Posted on 26 March 2015 in Clinical Trials / Research

Kenton Zavitz
Author: Kenton Zavitz, PhD, Director of Clinical Affairs

Key Points:

  • The blood-brain barrier (BBB) functions to protect the brain from toxic molecules and infectious agents that can impact brain health and cognitive function
  • An understanding of the structure and function of the BBB is essential for the development of new effective therapies to treat CNS disorders
  • Common disease states, environmental toxins, certain medications and the aging process itself can compromise the integrity of the BBB
  • Drug developers and regulatory agencies are increasingly interested in measuring and monitoring cognitive function as part of a drug’s safety profile and risk management strategy

The blood-brain barrier (BBB)
 

The blood-brain barrier (BBB) is a highly regulated and complex layer of cells that has evolved to protect the brain from toxic molecules and infectious agents. It serves as the interface between the brain and the other tissues of the body. Under normal conditions, the BBB permits the selective transport of molecules that are essential for brain function and metabolism while preventing the passage of most proteins and small molecules, including the majority of drugs in current use.[1] Knowledge of the structure and function of the BBB is therefore essential for those in the pharmaceutical industry developing new small molecule drugs and biologics that are required to cross the BBB to reach their targets and treat disorders of the brain such as Alzheimer’s disease. This remains one of the most significant technical challenges in drug design and development.

There is, however, growing evidence that the integrity and permeability of the BBB can be compromised by many common medical conditions and comorbidities.  Examples of these include systemic diseases (e.g. diabetes, hypertension), inflammatory conditions (Multiple sclerosis), neurodegenerative diseases (e.g. Alzheimer’s disease, Parkinson’s Disease), infections (HIV), stroke, traumatic brain injury and brain tumours [2,3,4].  In addition, the function of the BBB can be altered by certain medications, environmental toxins and the aging process itself[3].  Therefore, there exists the potential for many new and commonly used drugs to gain access to the brain and have an unanticipated impact on cognitive function, when used by patients in both clinical trials and real-world settings. 

The blood-brain barrier

Investigators involved in the development of new drugs for both CNS and non-CNS related medical conditions, regulatory agencies in Europe and the US, as well as practicing physicians, are increasingly interested in measuring and monitoring cognitive function as part of a drug’s safety profile and risk management strategy.

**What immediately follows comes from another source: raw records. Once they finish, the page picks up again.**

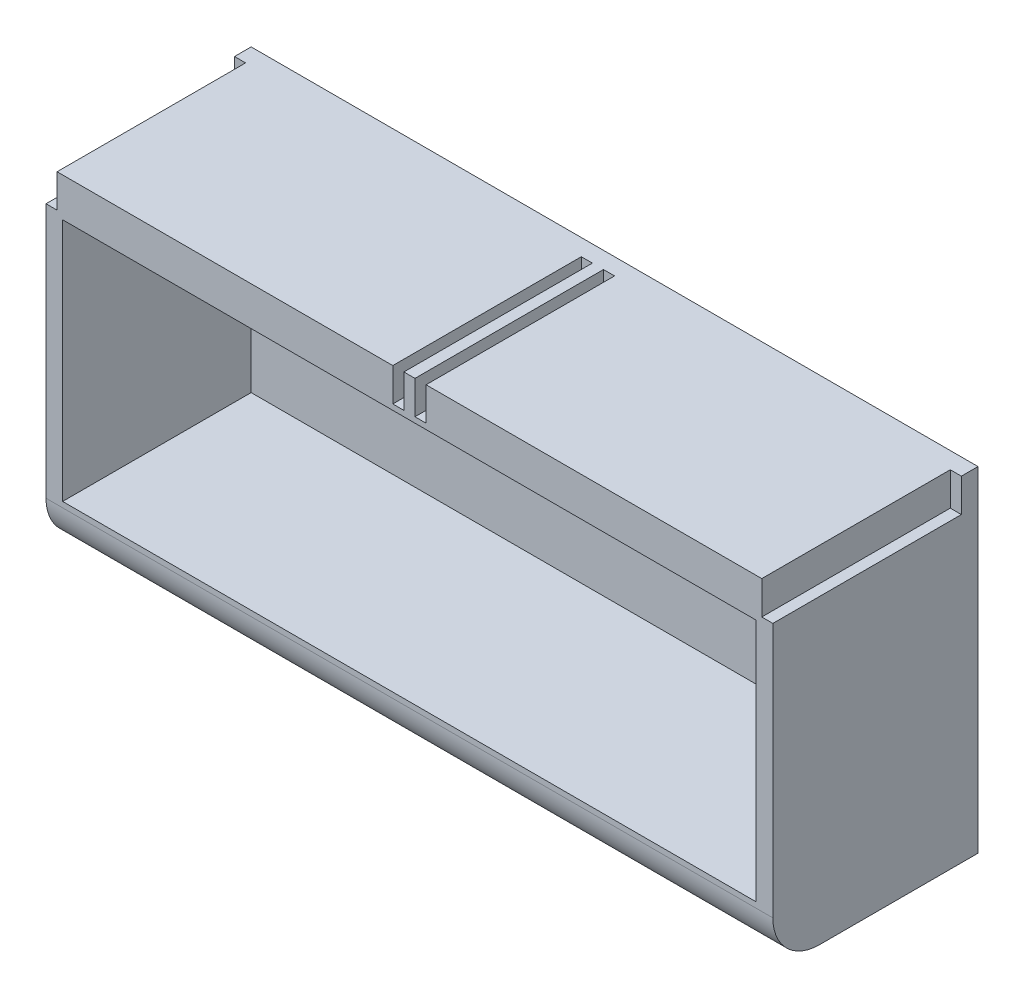
ISO-10303-21;
HEADER;
FILE_DESCRIPTION(('STEP AP214'),'2;1');
FILE_NAME('part.step','',(''),(''),'','','');
FILE_SCHEMA(('AUTOMOTIVE_DESIGN { 1 0 10303 214 1 1 1 1 }'));
ENDSEC;
DATA;
#1=APPLICATION_CONTEXT('core data for automotive mechanical design processes');
#2=APPLICATION_PROTOCOL_DEFINITION('international standard','automotive_design',2000,#1);
#3=PRODUCT_CONTEXT('',#1,'mechanical');
#4=PRODUCT('Part','Part','',(#3));
#5=PRODUCT_RELATED_PRODUCT_CATEGORY('part','',(#4));
#6=PRODUCT_DEFINITION_FORMATION('','',#4);
#7=PRODUCT_DEFINITION_CONTEXT('part definition',#1,'design');
#8=PRODUCT_DEFINITION('design','',#6,#7);
#9=PRODUCT_DEFINITION_SHAPE('','',#8);
#10=(LENGTH_UNIT() NAMED_UNIT(*) SI_UNIT(.MILLI.,.METRE.));
#11=(NAMED_UNIT(*) PLANE_ANGLE_UNIT() SI_UNIT($,.RADIAN.));
#12=(NAMED_UNIT(*) SI_UNIT($,.STERADIAN.) SOLID_ANGLE_UNIT());
#13=UNCERTAINTY_MEASURE_WITH_UNIT(LENGTH_MEASURE(1.E-05),#10,'distance_accuracy_value','');
#14=(GEOMETRIC_REPRESENTATION_CONTEXT(3) GLOBAL_UNCERTAINTY_ASSIGNED_CONTEXT((#13)) GLOBAL_UNIT_ASSIGNED_CONTEXT((#10,
#11,#12)) REPRESENTATION_CONTEXT('',''));
#15=CARTESIAN_POINT('',(0.,0.,0.));
#16=DIRECTION('',(0.,0.,1.));
#17=DIRECTION('',(1.,0.,0.));
#18=AXIS2_PLACEMENT_3D('',#15,#16,#17);
#19=CARTESIAN_POINT('',(0.,0.,3.));
#20=DIRECTION('',(0.,0.,-1.));
#21=DIRECTION('',(-1.,0.,0.));
#22=AXIS2_PLACEMENT_3D('',#19,#20,#21);
#23=PLANE('',#22);
#24=DIRECTION('',(-1.,0.,0.));
#25=VECTOR('',#24,1.);
#26=CARTESIAN_POINT('',(0.,0.,3.));
#27=LINE('',#26,#25);
#28=CARTESIAN_POINT('',(131.1,0.,3.));
#29=VERTEX_POINT('',#28);
#30=CARTESIAN_POINT('',(129.1,0.,3.));
#31=VERTEX_POINT('',#30);
#32=EDGE_CURVE('E353',#29,#31,#27,.T.);
#33=ORIENTED_EDGE('',*,*,#32,.T.);
#34=DIRECTION('',(0.,-1.,0.));
#35=VECTOR('',#34,1.);
#36=CARTESIAN_POINT('',(129.1,0.,3.));
#37=LINE('',#36,#35);
#38=CARTESIAN_POINT('',(129.1,-6.00000000000002,3.));
#39=VERTEX_POINT('',#38);
#40=EDGE_CURVE('E290',#31,#39,#37,.T.);
#41=ORIENTED_EDGE('',*,*,#40,.T.);
#42=DIRECTION('',(1.,0.,0.));
#43=VECTOR('',#42,1.);
#44=CARTESIAN_POINT('',(0.,-6.00000000000024,3.));
#45=LINE('',#44,#43);
#46=CARTESIAN_POINT('',(131.1,-6.00000000000001,3.));
#47=VERTEX_POINT('',#46);
#48=EDGE_CURVE('E287',#39,#47,#45,.T.);
#49=ORIENTED_EDGE('',*,*,#48,.T.);
#50=DIRECTION('',(0.,1.,0.));
#51=VECTOR('',#50,1.);
#52=CARTESIAN_POINT('',(131.1,0.,3.));
#53=LINE('',#52,#51);
#54=EDGE_CURVE('E349',#47,#29,#53,.T.);
#55=ORIENTED_EDGE('',*,*,#54,.T.);
#56=EDGE_LOOP('',(#33,#41,#49,#55));
#57=FACE_BOUND('',#56,.T.);
#58=ADVANCED_FACE('F39',(#57),#23,.F.);
#59=DIRECTION('',(0.,1.,0.));
#60=VECTOR('',#59,1.);
#61=CARTESIAN_POINT('',(62.55,0.,3.));
#62=LINE('',#61,#60);
#63=CARTESIAN_POINT('',(62.55,-6.00000000000002,3.));
#64=VERTEX_POINT('',#63);
#65=CARTESIAN_POINT('',(62.55,0.,3.));
#66=VERTEX_POINT('',#65);
#67=EDGE_CURVE('E279',#64,#66,#62,.T.);
#68=ORIENTED_EDGE('',*,*,#67,.F.);
#69=DIRECTION('',(-1.,0.,0.));
#70=VECTOR('',#69,1.);
#71=CARTESIAN_POINT('',(0.,-6.00000000000002,3.));
#72=LINE('',#71,#70);
#73=CARTESIAN_POINT('',(64.55,-6.00000000000002,3.));
#74=VERTEX_POINT('',#73);
#75=EDGE_CURVE('E277',#74,#64,#72,.T.);
#76=ORIENTED_EDGE('',*,*,#75,.F.);
#77=DIRECTION('',(0.,-1.,0.));
#78=VECTOR('',#77,1.);
#79=CARTESIAN_POINT('',(64.55,0.,3.));
#80=LINE('',#79,#78);
#81=CARTESIAN_POINT('',(64.55,0.,3.));
#82=VERTEX_POINT('',#81);
#83=EDGE_CURVE('E275',#82,#74,#80,.T.);
#84=ORIENTED_EDGE('',*,*,#83,.F.);
#85=EDGE_CURVE('E424',#82,#66,#27,.T.);
#86=ORIENTED_EDGE('',*,*,#85,.T.);
#87=EDGE_LOOP('',(#68,#76,#84,#86));
#88=FACE_BOUND('',#87,.T.);
#89=ADVANCED_FACE('F381',(#88),#23,.F.);
#90=DIRECTION('',(0.,-1.,0.));
#91=VECTOR('',#90,1.);
#92=CARTESIAN_POINT('',(0.,-54.,3.));
#93=LINE('',#92,#91);
#94=CARTESIAN_POINT('',(0.,0.,3.));
#95=VERTEX_POINT('',#94);
#96=CARTESIAN_POINT('',(0.,-6.00000000000002,3.));
#97=VERTEX_POINT('',#96);
#98=EDGE_CURVE('E346',#95,#97,#93,.T.);
#99=ORIENTED_EDGE('',*,*,#98,.T.);
#100=DIRECTION('',(1.,0.,0.));
#101=VECTOR('',#100,1.);
#102=CARTESIAN_POINT('',(0.,-6.00000000000002,3.));
#103=LINE('',#102,#101);
#104=CARTESIAN_POINT('',(2.,-6.00000000000002,3.));
#105=VERTEX_POINT('',#104);
#106=EDGE_CURVE('E284',#97,#105,#103,.T.);
#107=ORIENTED_EDGE('',*,*,#106,.T.);
#108=DIRECTION('',(0.,1.,0.));
#109=VECTOR('',#108,1.);
#110=CARTESIAN_POINT('',(2.,0.,3.));
#111=LINE('',#110,#109);
#112=CARTESIAN_POINT('',(2.,0.,3.));
#113=VERTEX_POINT('',#112);
#114=EDGE_CURVE('E281',#105,#113,#111,.T.);
#115=ORIENTED_EDGE('',*,*,#114,.T.);
#116=EDGE_CURVE('E352',#113,#95,#27,.T.);
#117=ORIENTED_EDGE('',*,*,#116,.T.);
#118=EDGE_LOOP('',(#99,#107,#115,#117));
#119=FACE_BOUND('',#118,.T.);
#120=ADVANCED_FACE('F388',(#119),#23,.F.);
#121=CARTESIAN_POINT('',(0.,-54.,3.));
#122=DIRECTION('',(1.,0.,0.));
#123=DIRECTION('',(0.,1.,0.));
#124=AXIS2_PLACEMENT_3D('',#121,#122,#123);
#125=PLANE('',#124);
#126=DIRECTION('',(0.,0.,-1.));
#127=VECTOR('',#126,1.);
#128=CARTESIAN_POINT('',(0.,-60.4,37.));
#129=LINE('',#128,#127);
#130=CARTESIAN_POINT('',(0.,-60.4,28.6));
#131=VERTEX_POINT('',#130);
#132=CARTESIAN_POINT('',(0.,-60.4,0.));
#133=VERTEX_POINT('',#132);
#134=EDGE_CURVE('E193',#131,#133,#129,.T.);
#135=ORIENTED_EDGE('',*,*,#134,.F.);
#136=CARTESIAN_POINT('',(0.,-52.,28.6));
#137=DIRECTION('',(1.,0.,0.));
#138=DIRECTION('',(0.,1.,0.));
#139=AXIS2_PLACEMENT_3D('',#136,#137,#138);
#140=CIRCLE('',#139,8.4);
#141=CARTESIAN_POINT('',(0.,-52.,37.));
#142=VERTEX_POINT('',#141);
#143=EDGE_CURVE('E61',#131,#142,#140,.F.);
#144=ORIENTED_EDGE('',*,*,#143,.T.);
#145=DIRECTION('',(0.,-1.,0.));
#146=VECTOR('',#145,1.);
#147=CARTESIAN_POINT('',(0.,0.,37.));
#148=LINE('',#147,#146);
#149=CARTESIAN_POINT('',(0.,-6.00000000000002,37.));
#150=VERTEX_POINT('',#149);
#151=EDGE_CURVE('E247',#150,#142,#148,.T.);
#152=ORIENTED_EDGE('',*,*,#151,.F.);
#153=DIRECTION('',(0.,0.,-1.));
#154=VECTOR('',#153,1.);
#155=CARTESIAN_POINT('',(0.,-6.00000000000002,37.));
#156=LINE('',#155,#154);
#157=EDGE_CURVE('E323',#150,#97,#156,.T.);
#158=ORIENTED_EDGE('',*,*,#157,.T.);
#159=ORIENTED_EDGE('',*,*,#98,.F.);
#160=DIRECTION('',(0.,0.,-1.));
#161=VECTOR('',#160,1.);
#162=CARTESIAN_POINT('',(0.,0.,3.));
#163=LINE('',#162,#161);
#164=CARTESIAN_POINT('',(0.,0.,0.));
#165=VERTEX_POINT('',#164);
#166=EDGE_CURVE('E209',#95,#165,#163,.T.);
#167=ORIENTED_EDGE('',*,*,#166,.T.);
#168=DIRECTION('',(0.,-1.,0.));
#169=VECTOR('',#168,1.);
#170=CARTESIAN_POINT('',(0.,-54.,0.));
#171=LINE('',#170,#169);
#172=EDGE_CURVE('E205',#165,#133,#171,.T.);
#173=ORIENTED_EDGE('',*,*,#172,.T.);
#174=EDGE_LOOP('',(#135,#144,#152,#158,#159,#167,#173));
#175=FACE_BOUND('',#174,.T.);
#176=ADVANCED_FACE('F206',(#175),#125,.F.);
#177=CARTESIAN_POINT('',(131.1,0.,3.));
#178=DIRECTION('',(-1.,0.,0.));
#179=DIRECTION('',(0.,0.,1.));
#180=AXIS2_PLACEMENT_3D('',#177,#178,#179);
#181=PLANE('',#180);
#182=DIRECTION('',(0.,1.,0.));
#183=VECTOR('',#182,1.);
#184=CARTESIAN_POINT('',(131.1,0.,37.));
#185=LINE('',#184,#183);
#186=CARTESIAN_POINT('',(131.1,-52.,37.));
#187=VERTEX_POINT('',#186);
#188=CARTESIAN_POINT('',(131.1,-6.00000000000001,37.));
#189=VERTEX_POINT('',#188);
#190=EDGE_CURVE('E249',#187,#189,#185,.T.);
#191=ORIENTED_EDGE('',*,*,#190,.F.);
#192=CARTESIAN_POINT('',(131.1,-52.,28.6));
#193=DIRECTION('',(-1.,0.,0.));
#194=DIRECTION('',(0.,0.,1.));
#195=AXIS2_PLACEMENT_3D('',#192,#193,#194);
#196=CIRCLE('',#195,8.4);
#197=CARTESIAN_POINT('',(131.1,-60.4,28.6));
#198=VERTEX_POINT('',#197);
#199=EDGE_CURVE('E11',#187,#198,#196,.F.);
#200=ORIENTED_EDGE('',*,*,#199,.T.);
#201=DIRECTION('',(0.,0.,1.));
#202=VECTOR('',#201,1.);
#203=CARTESIAN_POINT('',(131.1,-60.4,0.));
#204=LINE('',#203,#202);
#205=CARTESIAN_POINT('',(131.1,-60.4,0.));
#206=VERTEX_POINT('',#205);
#207=EDGE_CURVE('E216',#206,#198,#204,.T.);
#208=ORIENTED_EDGE('',*,*,#207,.F.);
#209=DIRECTION('',(0.,1.,0.));
#210=VECTOR('',#209,1.);
#211=CARTESIAN_POINT('',(131.1,0.,0.));
#212=LINE('',#211,#210);
#213=CARTESIAN_POINT('',(131.1,0.,0.));
#214=VERTEX_POINT('',#213);
#215=EDGE_CURVE('E212',#206,#214,#212,.T.);
#216=ORIENTED_EDGE('',*,*,#215,.T.);
#217=DIRECTION('',(0.,0.,-1.));
#218=VECTOR('',#217,1.);
#219=CARTESIAN_POINT('',(131.1,0.,3.));
#220=LINE('',#219,#218);
#221=EDGE_CURVE('E360',#29,#214,#220,.T.);
#222=ORIENTED_EDGE('',*,*,#221,.F.);
#223=ORIENTED_EDGE('',*,*,#54,.F.);
#224=DIRECTION('',(0.,0.,-1.));
#225=VECTOR('',#224,1.);
#226=CARTESIAN_POINT('',(131.1,-6.00000000000001,37.));
#227=LINE('',#226,#225);
#228=EDGE_CURVE('E321',#189,#47,#227,.T.);
#229=ORIENTED_EDGE('',*,*,#228,.F.);
#230=EDGE_LOOP('',(#191,#200,#208,#216,#222,#223,#229));
#231=FACE_BOUND('',#230,.T.);
#232=ADVANCED_FACE('F370',(#231),#181,.F.);
#233=CARTESIAN_POINT('',(0.,0.,3.));
#234=DIRECTION('',(0.,-1.,0.));
#235=DIRECTION('',(0.,0.,-1.));
#236=AXIS2_PLACEMENT_3D('',#233,#234,#235);
#237=PLANE('',#236);
#238=DIRECTION('',(-1.,0.,0.));
#239=VECTOR('',#238,1.);
#240=CARTESIAN_POINT('',(0.,0.,0.));
#241=LINE('',#240,#239);
#242=EDGE_CURVE('E350',#214,#165,#241,.T.);
#243=ORIENTED_EDGE('',*,*,#242,.T.);
#244=ORIENTED_EDGE('',*,*,#166,.F.);
#245=ORIENTED_EDGE('',*,*,#116,.F.);
#246=DIRECTION('',(0.,0.,-1.));
#247=VECTOR('',#246,1.);
#248=CARTESIAN_POINT('',(2.,0.,37.));
#249=LINE('',#248,#247);
#250=CARTESIAN_POINT('',(2.,0.,37.));
#251=VERTEX_POINT('',#250);
#252=EDGE_CURVE('E327',#251,#113,#249,.T.);
#253=ORIENTED_EDGE('',*,*,#252,.F.);
#254=DIRECTION('',(-1.,0.,0.));
#255=VECTOR('',#254,1.);
#256=CARTESIAN_POINT('',(0.,0.,37.));
#257=LINE('',#256,#255);
#258=CARTESIAN_POINT('',(62.55,0.,37.));
#259=VERTEX_POINT('',#258);
#260=EDGE_CURVE('E235',#259,#251,#257,.T.);
#261=ORIENTED_EDGE('',*,*,#260,.F.);
#262=DIRECTION('',(0.,0.,-1.));
#263=VECTOR('',#262,1.);
#264=CARTESIAN_POINT('',(62.55,0.,37.));
#265=LINE('',#264,#263);
#266=EDGE_CURVE('E329',#259,#66,#265,.T.);
#267=ORIENTED_EDGE('',*,*,#266,.T.);
#268=ORIENTED_EDGE('',*,*,#85,.F.);
#269=DIRECTION('',(0.,0.,-1.));
#270=VECTOR('',#269,1.);
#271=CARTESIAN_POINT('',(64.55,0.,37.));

The BBB consists of a layer of highly specialized brain microvascular endothelial cells (BMECs) lining the inner surface of the capillaries that feed the brain. In the human brain, there are about 100 billion capillaries in total providing a combined length of brain capillary endothelium of approximately 650 km and a total surface area of about 20 m2 [5]. To say the least, this is a vast system of plumbing to prevent from springing leaks!  BCMEs are the primary site for the production and function of the structural proteins, enzymes and membrane transporters that tightly regulate access of privileged molecules to the brain parenchyma. The close physical association of BMECs is achieved by ‘tight junctions’ that severely limit the diffusion of molecules throughout the spaces between these cells.  Tight junctions are composed of an elaborate assembly of structural proteins that provide strong physical connections by tying together the cytoskeletons of adjacent cells [2,3].
 

Entering the brain

 

The physical and biochemical properties of the healthy BBB mean that there are essentially two ways for small molecule drugs and larger biologic drugs in peripheral circulation to gain access to the brain: 1) lipid-mediated free diffusion through the BBB or 2) carrier- or receptor-mediated transport across the BBB.  Most drugs for brain disorders currently in clinical use are small molecules (molecular weight <400 Da) that are also highly lipid soluble and can therefore diffuse through the BBB [1]. However, of all drug molecules, very few fit these dual criteria and the design of new drug candidates that can utilize lipid-mediated diffusion to gain access to the brain remains incredibly challenging.    

Carrier-mediated transport proteins are responsible for the selective movement of specific molecules across the membranes of the BCMEs from one side of the BBB to the other. For example, glucose transporters move glucose via a process of facilitated diffusion across the BBB to provide a constant supply of energy for neuronal activity.  Other transporters mediate the entry of other sugars, amino acids, nucleosides, fatty acids and essential metabolites. Some drug molecules have been found to be transported, serendipitously, across the BBB by these transporters. For example, L-DOPA, used in the treatment of Parkinson’s disease and gabapentin, an anticonvulsant used to treat epilepsy, both cross the BBB via the large neutral amino acid carrier LAT1 because their structures mimic those of the endogenous substrates [1].  Thus, impairments in these transporters could alter drug access to the brain resulting in sub-optimal treatment.  Indeed, age-related defects in the transport of glucose, amino acids and hormones across the BBB have been observed and the resulting deficits in glucose and choline bioavailability may contribute to the vulnerability of older adults to hypoglycemia and cognitive decline [6,7].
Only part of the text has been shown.